Task description:
The listing below contains a span that opens with the line containing "for p, q in" and closes with the line containing "blk.add_circle(centre, 1)". Return that span exactly.

_ _ _ _

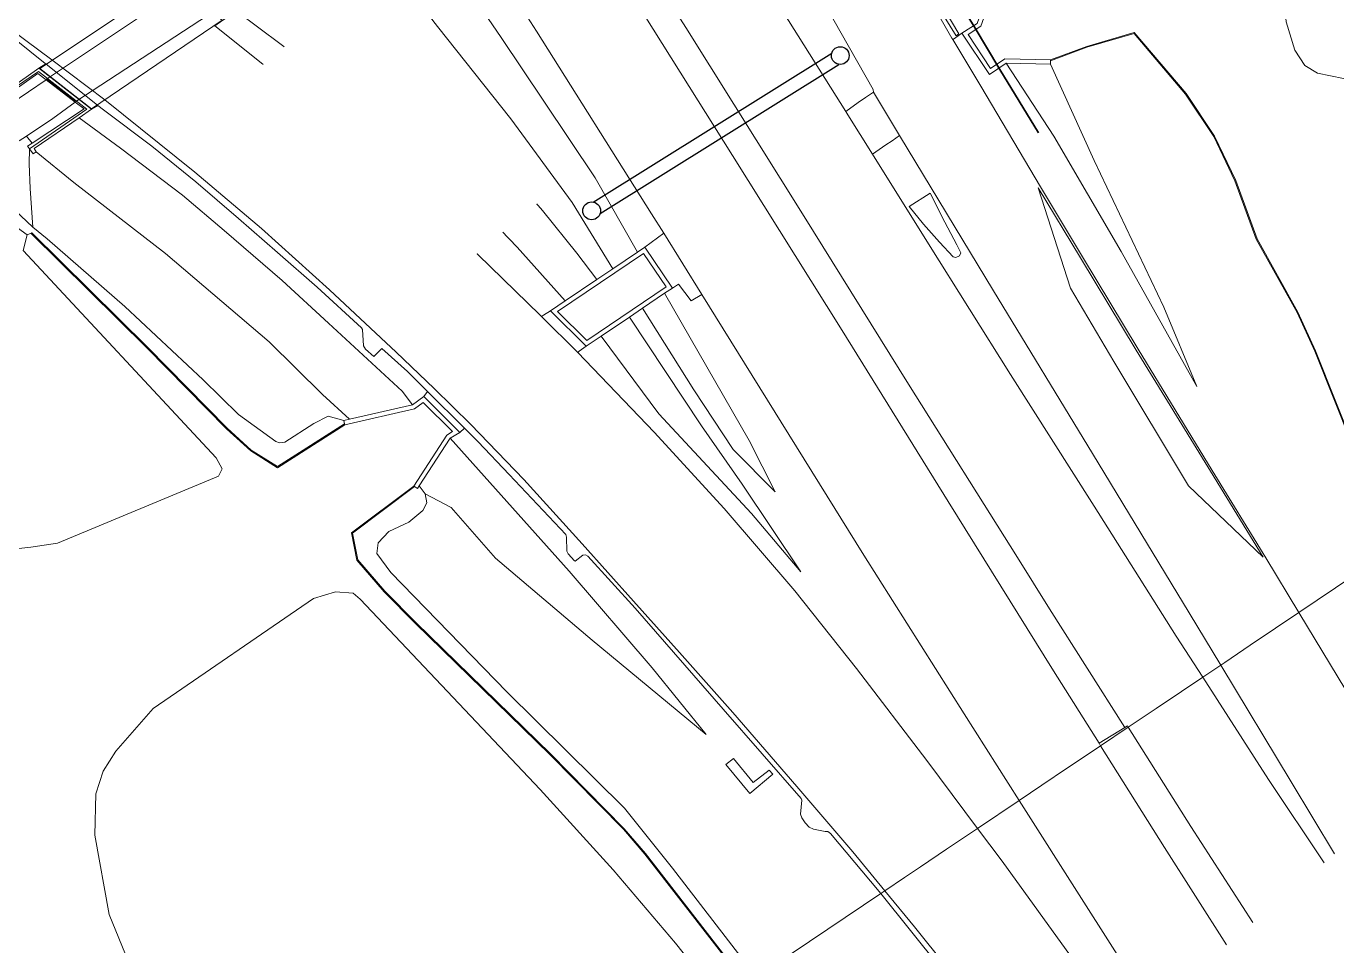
# Model space of a CAD drawing. Header units: metres. Extents: x 112942 to 118371, y 496117 to 499046.
# Drawn here: x 118008.6 to 118156.2, y 496204 to 496307.5 of the extents above; entities that cross this region are included whole.
import ezdxf
from ezdxf.enums import TextEntityAlignment as Align

# ---------------------------------------------------------------- set-up
doc = ezdxf.new("R2010")
doc.units = ezdxf.units.M
doc.linetypes.add('XX-AFBREEK', pattern=[7, 4, -1, 1, -1])
for name, color, linetype, lineweight in [('B-WE-OG-TOPOKAART-G', 253, 'Continuous', 18), ('N-WE-KL-DATA_GLASVEZEL-G', 90, 'KL-GLASVEZEL-N', 35), ('N-WE-VW-BEWEGWIJZERING_DRAAGCONSTRUCTIE_PORTAAL-S', 7, 'Continuous', 25), ('X-XX-AL-AFBREEKLIJN-G', 7, 'XX-AFBREEK', 18)]:
    doc.layers.add(name, color=color, linetype=linetype, lineweight=lineweight)
doc.styles.add('NLCS-ISO', font='NLCS-ISO.ttf')
doc.linetypes.add('KL-GLASVEZEL-N', pattern='A,4,-1,[101,NLCS.SHX,S=0.5,R=0,X=0,Y=0],-1,4,-1,["G",Standard,S=1,R=0,X=-0.25,Y=-0.5],-1.5', length=12.5)

# ---------------------------------------------------------------- blocks, each defined once
blk = doc.blocks.new('SVW-BEWEGWIJZERING_DRAAGCONSTRUCTIE_PORTAAL_SIGNALERING')
for p, q in [((0.66, 0.75), (32.34, 0.75)), ((0.66, 0.75), (32.34, 0.75)), ((0.66, -0.75), (32.34, -0.75)), ((0.66, -0.75), (32.34, -0.75))]:
    blk.add_line(p, q)
for centre in [(0, 0), (33, 0)]:
    blk.add_circle(centre, 1)
at = {"style": 'NLCS-ISO', "flags": 13}
blk.add_attdef('LENGTE', text='', height=2.5, dxfattribs=at).set_placement((0, 0), align=Align.MIDDLE_LEFT)

msp = doc.modelspace()

# ---------------------------------------------------------------- linework, layer by layer
at = {"layer": 'B-WE-OG-TOPOKAART-G'}
for points, elevation in [([(118068.423, 496275.402), (118071.729, 496272.132), (118080.668, 496278.166), (118078.112, 496281.929), (118068.423, 496275.402)], -1.445), ([(118068.423, 496275.402), (118078.112, 496281.929), (118080.668, 496278.166), (118071.729, 496272.132), (118068.423, 496275.402)], -1.445), ([(118074.7, 496212.548), (118081.726, 496204.289), (118086.862, 496197.79), (118045.495, 496169.982), (118029.792, 496189.972), (118020.126, 496202.175), (118017.955, 496207.5), (118016.318, 496216.44), (118016.44, 496221.083), (118017.281, 496223.63), (118018.693, 496225.912), (118022.902, 496230.69), (118040.939, 496243.074), (118043.426, 496243.823), (118045.416, 496243.683), (118046.193, 496243.017), (118066.457, 496221.574), (118074.7, 496212.548)], -1.513)]:
    msp.add_lwpolyline(points, close=True, dxfattribs=dict(at, elevation=elevation))
for points in [[(118132.283, 496228.568, 1.196), (118129.396, 496226.789, 1.078), (118124.282, 496234.95, 1.147), (118112.414, 496254.012, 1.341), (118100.463, 496273.256, 1.52), (118088.143, 496292.95, 1.639), (118075.33, 496313.37, 1.841), (118063.024, 496332.55, 2.065), (118049.965, 496352.602, 2.247), (118038.326, 496370.443, 2.466), (118025.153, 496390.447, 2.753)], [(118079.597, 496349.583, 2.388), (118082.203, 496342.943, 2.348), (118085.097, 496336.734, 2.231), (118090.782, 496324.394, 2.117), (118096.745, 496313.093, 1.939), (118103.953, 496300.368, 1.732), (118104.011, 496300.1, 1.667), (118103.085, 496299.487, 1.67), (118102.288, 496298.927, 1.393), (118100.875, 496297.919, 1.59), (118092.062, 496311.954, 1.661), (118084.788, 496323.915, 1.765), (118073.616, 496341.629, 1.97), (118063.945, 496356.775, 2.099), (118054.212, 496371.612, 2.302), (118043.842, 496387.135, 2.486)], [(118043.842, 496387.135, 2.486), (118054.212, 496371.612, 2.302), (118063.945, 496356.775, 2.099), (118073.616, 496341.629, 1.97), (118084.788, 496323.915, 1.765), (118092.062, 496311.954, 1.661), (118100.875, 496297.919, 1.59)], [(118100.875, 496297.919, 1.59), (118101.108, 496297.548, 1.59), (118103.886, 496293.098, 1.46), (118110.194, 496282.996, 1.413), (118119.414, 496268.311, 1.227), (118128.85, 496253.464, 1.11), (118138.09, 496238.847, 0.99), (118141.068, 496234.229, 0.969), (118138.683, 496232.626, 1.043), (118135.838, 496230.714, 1.12), (118132.891, 496228.733, 1.195), (118132.684, 496228.593, 1.214), (118132.583, 496228.753, 1.215), (118132.283, 496228.568, 1.196), (118123.809, 496241.913, 1.288), (118120.198, 496247.695, 1.317), (118107.933, 496267.224, 1.529), (118096.185, 496286.088, 1.705), (118082.872, 496307.346, 1.91), (118070.217, 496327.185, 2.104), (118057.355, 496347.117, 2.336), (118044.332, 496366.922, 2.58), (118031.749, 496385.997, 2.815)], [(118031.749, 496385.997, 2.815), (118044.332, 496366.922, 2.58), (118057.355, 496347.117, 2.336), (118070.217, 496327.185, 2.104), (118082.872, 496307.346, 1.91), (118096.185, 496286.088, 1.705), (118107.933, 496267.224, 1.529), (118120.198, 496247.695, 1.317), (118123.809, 496241.913, 1.288), (118132.283, 496228.568, 1.196)], [(118092.171, 496349.6, 1.777), (118096.076, 496340.146, 1.678), (118101.718, 496328.123, 1.534), (118108.319, 496315.569, 1.395), (118113.592, 496306.666, 1.345), (118113.321, 496306.431, 1.28), (118108.088, 496314.879, 1.407), (118101.55, 496327.445, 1.547), (118095.646, 496339.935, 1.689), (118091.726, 496349.316, 1.792), (118091.697, 496349.386, 1.793), (118092.157, 496349.633, 1.777), (118092.171, 496349.6, 1.777)], [(118055.242, 496323.783, 1.788), (118066.06, 496306.938, 1.589), (118079.021, 496286.399, 1.393), (118080.386, 496284.207, 1.321), (118078.246, 496282.622, 1.204), (118077.416, 496282.063, 1.198), (118072.679, 496290.451, 1.053), (118066.888, 496299.079, 1.173), (118062.07, 496306.251, 1.237), (118057.695, 496312.699, 1.253), (118053.64, 496319.174, 1.243), (118051.178, 496322.024, 1.44), (118052.31, 496322.84, 1.447), (118053.487, 496323.254, 1.615), (118054.312, 496323.051, 1.675), (118055.242, 496323.783, 1.788)], [(118075.33, 496313.37, 1.841), (118088.143, 496292.95, 1.639), (118100.463, 496273.256, 1.52), (118112.414, 496254.012, 1.341), (118124.282, 496234.95, 1.147), (118129.396, 496226.789, 1.078), (118129.575, 496226.504, 1.076), (118128.722, 496225.93, 1.053), (118125.857, 496224.004, 0.948), (118122.972, 496222.065, 0.863), (118120.416, 496220.347, 0.789), (118114.217, 496230.083, 0.873), (118102.924, 496247.942, 1.053), (118090.355, 496268.2, 1.253), (118084.686, 496277.303, 1.282), (118080.386, 496284.207, 1.321), (118079.021, 496286.399, 1.393), (118066.06, 496306.938, 1.589), (118055.242, 496323.783, 1.788)], [(118203.845, 496301.6, -1.33), (118186.591, 496300.358, -1.363), (118174.979, 496300.493, -1.51), (118165.479, 496300.987, -1.48), (118156.924, 496301.636, -1.5), (118153.997, 496302.238, -1.487), (118152.567, 496303.077, -1.49), (118151.441, 496304.828, -1.457), (118150.457, 496308.004, -1.423), (118150.19, 496310.967, -1.453), (118151.856, 496313.716, -1.467), (118155.447, 496318.141, -1.51), (118158.833, 496319.835, -1.503), (118163.478, 496320.373, -1.547), (118173.204, 496321.363, -1.563), (118184.164, 496322.422, -1.547), (118192.544, 496323.118, -1.54), (118203.342, 496324.08, -1.513), (118206.986, 496314.273, -1.193), (118214.589, 496302.034, -1.343), (118203.845, 496301.6, -1.33)], [(118051.178, 496322.024, 1.44), (118053.64, 496319.174, 1.243), (118057.695, 496312.699, 1.253), (118062.07, 496306.251, 1.237), (118066.888, 496299.079, 1.173), (118072.679, 496290.451, 1.053), (118077.416, 496282.063, 1.198), (118074.636, 496280.19, -0.251), (118070.077, 496287.672, -0.088), (118063.177, 496297.067, -0.493), (118054.898, 496307.47, -0.811), (118049.269, 496314.786, -0.658), (118046.818, 496319.054, -0.538), (118051.178, 496322.024, 1.44)], [(118038.263, 496313.225, -0.364), (118038.588, 496313.444, -0.395), (118038.445, 496313.627, -0.357), (118038.836, 496313.897, -0.369), (118040.927, 496315.292, -0.421), (118044.256, 496317.601, -0.705), (118044.393, 496317.419, -0.705), (118046.818, 496319.054, -0.538), (118049.269, 496314.786, -0.658), (118054.898, 496307.47, -0.811), (118063.177, 496297.067, -0.493), (118070.077, 496287.672, -0.088), (118074.636, 496280.19, -0.251), (118072.854, 496278.99, -0.251), (118070.61, 496281.973, -0.115), (118066.718, 496286.755, -0.139), (118061.556, 496292.704, -0.391), (118055.945, 496298.674, -0.661), (118052.082, 496302.307, -0.73), (118047.387, 496306.126, -0.637), (118042.252, 496310.199, -0.523), (118038.263, 496313.225, -0.364)], [(118107.892, 496314.809, 1.466), (118112.833, 496306.155, 1.366), (118112.926, 496306.001, 1.37), (118116.089, 496300.77, 1.28), (118122.811, 496289.413, 1.111), (118127.529, 496281.527, 1.022), (118133.797, 496271.141, 0.915), (118142.122, 496257.478, 0.816), (118148.173, 496247.672, 0.739), (118151.896, 496241.508, 0.694), (118149.268, 496239.742, 0.79), (118146.397, 496237.812, 0.877), (118143.544, 496235.894, 0.979), (118143.098, 496235.594, 0.987), (118139.549, 496241.478, 1.027), (118128.669, 496259.41, 1.154), (118117.521, 496277.73, 1.36), (118106.943, 496295.201, 1.634), (118104.011, 496300.1, 1.667), (118103.953, 496300.368, 1.732), (118096.745, 496313.093, 1.939)], [(118115.658, 496307.825, 1.118), (118113.948, 496306.713, 1.218), (118113.122, 496306.138, 1.328), (118112.926, 496306.001, 1.37), (118112.833, 496306.155, 1.366), (118107.892, 496314.809, 1.466)], [(118108.088, 496314.879, 1.407), (118113.321, 496306.431, 1.28), (118113.592, 496306.666, 1.345), (118108.319, 496315.569, 1.395)], [(118030.664, 496308.177, 2.938), (118015.963, 496298.217, 2.608), (118010.124, 496302.764, 2.564), (118024.977, 496312.667, 2.918), (118030.664, 496308.177, 2.938)], [(118029.996, 496309.355, -0.286), (118014.195, 496299.035, -0.571), (118010.903, 496301.54, -0.571), (118026.639, 496312.088, -0.253), (118029.996, 496309.355, -0.286)], [(118032.299, 496309.216, 2.77), (118038.263, 496313.225, -0.364), (118042.252, 496310.199, -0.523), (118047.387, 496306.126, -0.637), (118052.082, 496302.307, -0.73), (118055.945, 496298.674, -0.661), (118061.556, 496292.704, -0.391), (118066.718, 496286.755, -0.139), (118070.61, 496281.973, -0.115), (118072.854, 496278.99, -0.251), (118069.271, 496276.576, 2.133), (118063.876, 496282.623, 2.293), (118059.376, 496287.329, 2.407), (118054.864, 496291.752, 2.452), (118047.211, 496297.927, 2.599), (118039.828, 496303.561, 2.743), (118032.299, 496309.216, 2.77)], [(118117.759, 496312.226, -1.445), (118116.072, 496307.497, -1.445), (118114.645, 496306.569, -1.445), (118117.184, 496302.761, -1.445), (118118.784, 496303.853, -1.445), (118123.933, 496303.73, -1.445), (118123.931, 496303.62, -1.192), (118123.921, 496303.23, -0.95), (118118.933, 496303.349, 1.074), (118117.049, 496302.063, 1.204), (118113.948, 496306.713, 1.218), (118115.658, 496307.825, 1.118), (118117.288, 496312.394, -0.832), (118117.646, 496312.266, -1.189), (118117.759, 496312.226, -1.445)], [(118069.271, 496276.576, 2.133), (118067.638, 496275.476, 2.263), (118066.864, 496274.994, 2.316), (118066.62, 496274.842, 2.34), (118066.47, 496274.992, 2.34), (118058.05, 496283.163, 2.468), (118051.102, 496289.541, 2.589), (118044.209, 496295.652, 2.72), (118036.175, 496302.484, 2.858), (118029.837, 496307.553, 2.941), (118030.749, 496308.174, 2.938), (118032.299, 496309.216, 2.77), (118039.828, 496303.561, 2.743), (118047.211, 496297.927, 2.599), (118054.864, 496291.752, 2.452), (118059.376, 496287.329, 2.407), (118063.876, 496282.623, 2.293), (118069.271, 496276.576, 2.133)], [(118005.438, 496308.189, 2.769), (118011.508, 496303.724, 2.738), (118017.444, 496299.22, 2.655), (118027.607, 496291.068, 2.477), (118035.098, 496284.728, 2.368), (118042.769, 496277.846, 2.219), (118050.268, 496270.817, 2.086), (118054.539, 496266.723, 2.027), (118058.654, 496262.67, 1.951), (118064.617, 496256.462, 1.757), (118071.19, 496249.228, 1.44), (118076.969, 496242.768, 1.162), (118082.16, 496237.017, 0.939), (118088.154, 496230.265, 0.713), (118095.381, 496221.923, 0.499), (118101.684, 496214.574, 0.366), (118105.289, 496210.178, 0.316)], [(118029.837, 496307.553, 2.941), (118036.175, 496302.484, 2.858), (118044.209, 496295.652, 2.72), (118051.102, 496289.541, 2.589), (118058.05, 496283.163, 2.468), (118066.47, 496274.992, 2.34), (118066.62, 496274.842, 2.34), (118070.705, 496270.769, 2.247), (118079.295, 496261.813, 1.926), (118087.172, 496253.218, 1.539), (118095.132, 496243.936, 1.192), (118102.096, 496235.189, 0.937), (118109.997, 496224.855, 0.725), (118115.724, 496217.193, 0.632), (118115.15, 496216.807, 0.622), (118112.234, 496214.847, 0.535), (118109.301, 496212.875, 0.447), (118107.509, 496211.67, 0.389), (118105.289, 496210.178, 0.316), (118101.684, 496214.574, 0.366), (118095.381, 496221.923, 0.499), (118088.154, 496230.265, 0.713), (118082.16, 496237.017, 0.939), (118076.969, 496242.768, 1.162), (118071.19, 496249.228, 1.44), (118064.617, 496256.462, 1.757), (118058.654, 496262.67, 1.951), (118054.539, 496266.723, 2.027), (118050.268, 496270.817, 2.086), (118042.769, 496277.846, 2.219), (118035.098, 496284.728, 2.368), (118027.607, 496291.068, 2.477), (118017.444, 496299.22, 2.655), (118011.508, 496303.724, 2.738), (118005.438, 496308.189, 2.769)], [(118005.523, 496307.462, 2.722), (118010.735, 496303.327, 2.665), (118010.801, 496303.274, 2.749), (118010.039, 496302.767, 2.564), (118008.584, 496301.76, 2.545)], [(118105.289, 496210.178, 0.316), (118104.813, 496209.858, 0.23), (118103.677, 496211.271, 0.238), (118099.16, 496216.635, 0.379), (118098.845, 496216.849, 0.391), (118098.576, 496216.859, 0.394), (118097.229, 496217.131, 0.394), (118096.774, 496217.329, 0.397), (118096.311, 496217.814, 0.415), (118095.947, 496218.386, 0.439), (118095.78, 496218.82, 0.433), (118095.928, 496220.385, 0.439), (118095.851, 496220.552, 0.433), (118087.083, 496230.605, 0.649), (118077.156, 496241.975, 1.087), (118071.833, 496247.841, 1.372), (118071.568, 496247.989, 1.375), (118071.293, 496247.974, 1.357), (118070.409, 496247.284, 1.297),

_ _ _ _

Answer to the exercise:
for p, q in [((0.66, 0.75), (32.34, 0.75)), ((0.66, 0.75), (32.34, 0.75)), ((0.66, -0.75), (32.34, -0.75)), ((0.66, -0.75), (32.34, -0.75))]:
    blk.add_line(p, q)
for centre in [(0, 0), (33, 0)]:
    blk.add_circle(centre, 1)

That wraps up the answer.